Quick Take
After Tuesday's vote update, Kim De Serpa has won the District 2 Santa Cruz County supervisor seat narrowly over Kristen Brown, who conceded. De Serpa finished with a 722-vote lead over Brown, or 51% to 48%.
Tuesday, Dec. 3, 5:52 p.m. — Social worker and Pajaro Valley Unified School District board member Kim De Serpa has defeated Capitola Mayor Kristen Brown for the District 2 seat on the Santa Cruz County Board of Supervisors, Lookout has determined.
After the final tally of votes released by the county elections department Tuesday afternoon, De Serpa’s lead over Brown finished at 722 votes (12,823 to 12,101, or 51% to 48%).
“I’m just so pleased that the community has elected me for this office,” said De Serpa who began her run for the District 2 seat more than 15 months ago. Of the job before on the Board of Supervisors, she said, “I’m under no pretense that this is going to be easy. But I am a fierce advocate for people, and will do my best to make sure that District 2 gets its fair share always.”

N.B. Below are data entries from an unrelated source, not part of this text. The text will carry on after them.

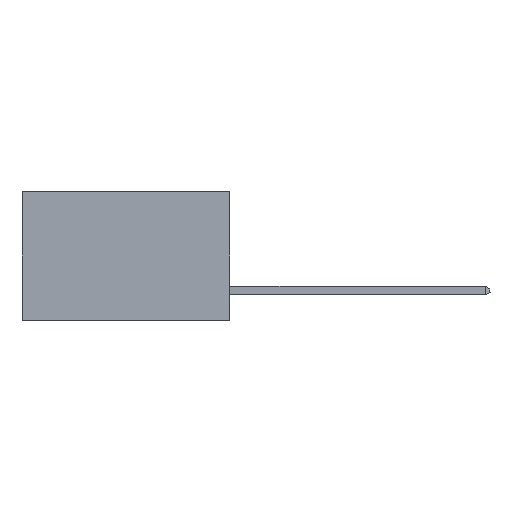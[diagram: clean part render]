
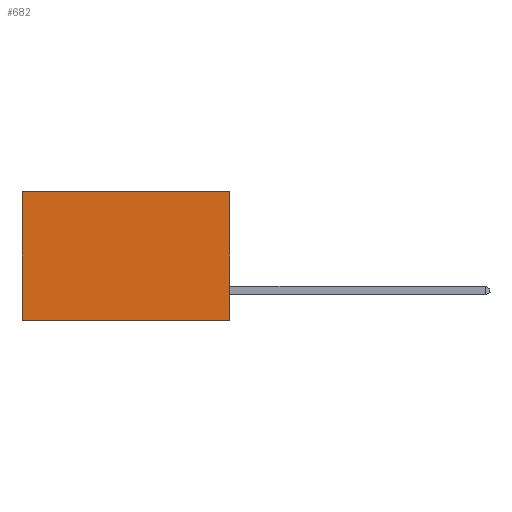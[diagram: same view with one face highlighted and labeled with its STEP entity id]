
A CAD part, left-side view. The second image highlights one B-rep face of the part: STEP entity #682.
In plain terms, the highlighted planar face has unit normal (-1, 0, 0).
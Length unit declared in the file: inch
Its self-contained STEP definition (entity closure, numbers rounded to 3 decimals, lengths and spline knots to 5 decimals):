
#1 = VECTOR ( 'NONE', #3265, 39.37008 ) ;
#51 = DIRECTION ( 'NONE',  ( 1., 0., 0. ) ) ;
#682 = ADVANCED_FACE ( 'NONE', ( #1695 ), #7919, .F. ) ;
#790 = ORIENTED_EDGE ( 'NONE', *, *, #12376, .T. ) ;
#1695 = FACE_OUTER_BOUND ( 'NONE', #14624, .T. ) ;
#3265 = DIRECTION ( 'NONE',  ( 0., 1., 0. ) ) ;
#3989 = CARTESIAN_POINT ( 'NONE',  ( 0.298, 0.6, 0. ) ) ;
#4305 = VERTEX_POINT ( 'NONE', #14128 ) ;
#5118 = EDGE_CURVE ( 'NONE', #9429, #14975, #10460, .T. ) ;
#6659 = EDGE_CURVE ( 'NONE', #4305, #9429, #7347, .T. ) ;
#7347 = LINE ( 'NONE', #13506, #10370 ) ;
#7919 = PLANE ( 'NONE',  #11995 ) ;
#8118 = DIRECTION ( 'NONE',  ( 0., 0., -1. ) ) ;
#9429 = VERTEX_POINT ( 'NONE', #12170 ) ;
#9746 = CARTESIAN_POINT ( 'NONE',  ( 0.298, 0., 0. ) ) ;
#10370 = VECTOR ( 'NONE', #11735, 39.37008 ) ;
#10460 = LINE ( 'NONE', #17037, #17030 ) ;
#10661 = ORIENTED_EDGE ( 'NONE', *, *, #6659, .F. ) ;
#10931 = CARTESIAN_POINT ( 'NONE',  ( 0.298, 0.6, 0. ) ) ;
#10959 = EDGE_CURVE ( 'NONE', #4305, #16986, #18204, .T. ) ;
#11363 = ORIENTED_EDGE ( 'NONE', *, *, #10959, .T. ) ;
#11735 = DIRECTION ( 'NONE',  ( 0., 0., -1. ) ) ;
#11995 = AXIS2_PLACEMENT_3D ( 'NONE', #9746, #51, #8118 ) ;
#12170 = CARTESIAN_POINT ( 'NONE',  ( 0.298, 0., -0.37 ) ) ;
#12376 = EDGE_CURVE ( 'NONE', #16986, #14975, #14558, .T. ) ;
#12979 = CARTESIAN_POINT ( 'NONE',  ( 0.298, 0., 0. ) ) ;
#13323 = ORIENTED_EDGE ( 'NONE', *, *, #5118, .F. ) ;
#13506 = CARTESIAN_POINT ( 'NONE',  ( 0.298, 0., 0. ) ) ;
#14128 = CARTESIAN_POINT ( 'NONE',  ( 0.298, 0., 0. ) ) ;
#14558 = LINE ( 'NONE', #3989, #18387 ) ;
#14624 = EDGE_LOOP ( 'NONE', ( #790, #13323, #10661, #11363 ) ) ;
#14975 = VERTEX_POINT ( 'NONE', #20575 ) ;
#15315 = DIRECTION ( 'NONE',  ( 0., 0., -1. ) ) ;
#16986 = VERTEX_POINT ( 'NONE', #10931 ) ;
#17030 = VECTOR ( 'NONE', #18754, 39.37008 ) ;
#17037 = CARTESIAN_POINT ( 'NONE',  ( 0.298, 0., -0.37 ) ) ;
#18204 = LINE ( 'NONE', #12979, #1 ) ;
#18387 = VECTOR ( 'NONE', #15315, 39.37008 ) ;
#18754 = DIRECTION ( 'NONE',  ( 0., 1., 0. ) ) ;
#20575 = CARTESIAN_POINT ( 'NONE',  ( 0.298, 0.6, -0.37 ) ) ;

Brown released a statement Tuesday: “Running for Supervisor has been one of the most challenging and motivating experiences of my life, and an absolute honor. While the results weren’t what we hoped for, I will of course respect the outcome of the election. It was a close race, as evidenced by the less than 3% gap between myself and my opponent. I’ve already reached out to congratulate her and wish her the best as she takes on this important role.”
In a statement released to the community acknowledging her victory, De Serpa said “With my 15 years on the school board and Kristen Brown’s 8 years on the Capitola City Council, this race featured two candidates well-prepared for governance. I want to honor and commend Kristen for her dedication and desire to serve District 2.”
County Clerk Tricia Webber’s office said Tuesday’s update was the last and the results are now official. All totaled countywide,136,505 votes have been counted.
“I am incredibly proud of the clean, honest, and fact-based campaign we ran,” Brown continued in the concession message emailed to Lookout. “I want to thank my supporters, volunteers, and everyone who believed in our vision for a stronger community. Though we came up short in this race, I remain committed to serving and advocating for our community as I have for the past 13 years.”
Brown and De Serpa finished first and second, respectively, in the March primary for the District 2 seat, which featured five candidates. Despite finishing the primary with a lower vote total, De Serpa outperformed Brown in fundraising for the race as of the most recent round of campaign finance reports in late October.
Brown, 36, worked as an aide in the office of U.S. Rep. Sam Farr (among her co-workers in Farr’s office was De Serpa’s mother, Nancy). She then ran for Capitola City Council in 2016, becoming the youngest woman to serve on the council in its history. Though Brown grew up in Tracy, just southwest of Stockton, her family roots are deep in Capitola, where both her parents grew up and her grandparents ran a coffee shop on the Esplanade.
De Serpa, 57, has worked for years as a social worker, bringing her skills and experience to bear with Child Protective Services, Hospice of Santa Cruz County and the neonatal intensive care unit at Dominican Hospital. She grew up in the Salinas Valley in a single-parent household after her father was killed in a car accident while she was a toddler.
District 2 covers a broad section of Santa Cruz County from Capitola Village and Aptos to parts of Watsonville and down the coast to the Monterey County line at Pajaro Dunes. It also contains Freedom and Corralitos to the Santa Clara County line in the Santa Cruz Mountains.
The condition of the district’s roads emerged as a central issue of the campaign. De Serpa, who lives on Trout Gulch Road in Aptos, has made roads one of her top priorities, expressing her dismay at their condition and said that she would use Measure D and Measure X tax revenues to fix the roads. Brown talked about balancing priorities between the roads currently most in disrepair and those on the verge of being in disrepair.
De Serpa and Brown were on opposite sides of the controversial Coastal Rail Trail project, with De Serpa skeptical about the proposed passenger rail service and Brown having advocated strongly for the project.
The two also differed when it came to what to do about a long-running legal dispute between the county the California Coastal Commission and a Rio Del Mar homeowners association over whether a coastal walkway is public or private property. Brown has said she would strongly advocate for the path to be reopened to the public, while De Serpa has said she thinks the money spent on legal fees could be better used elsewhere.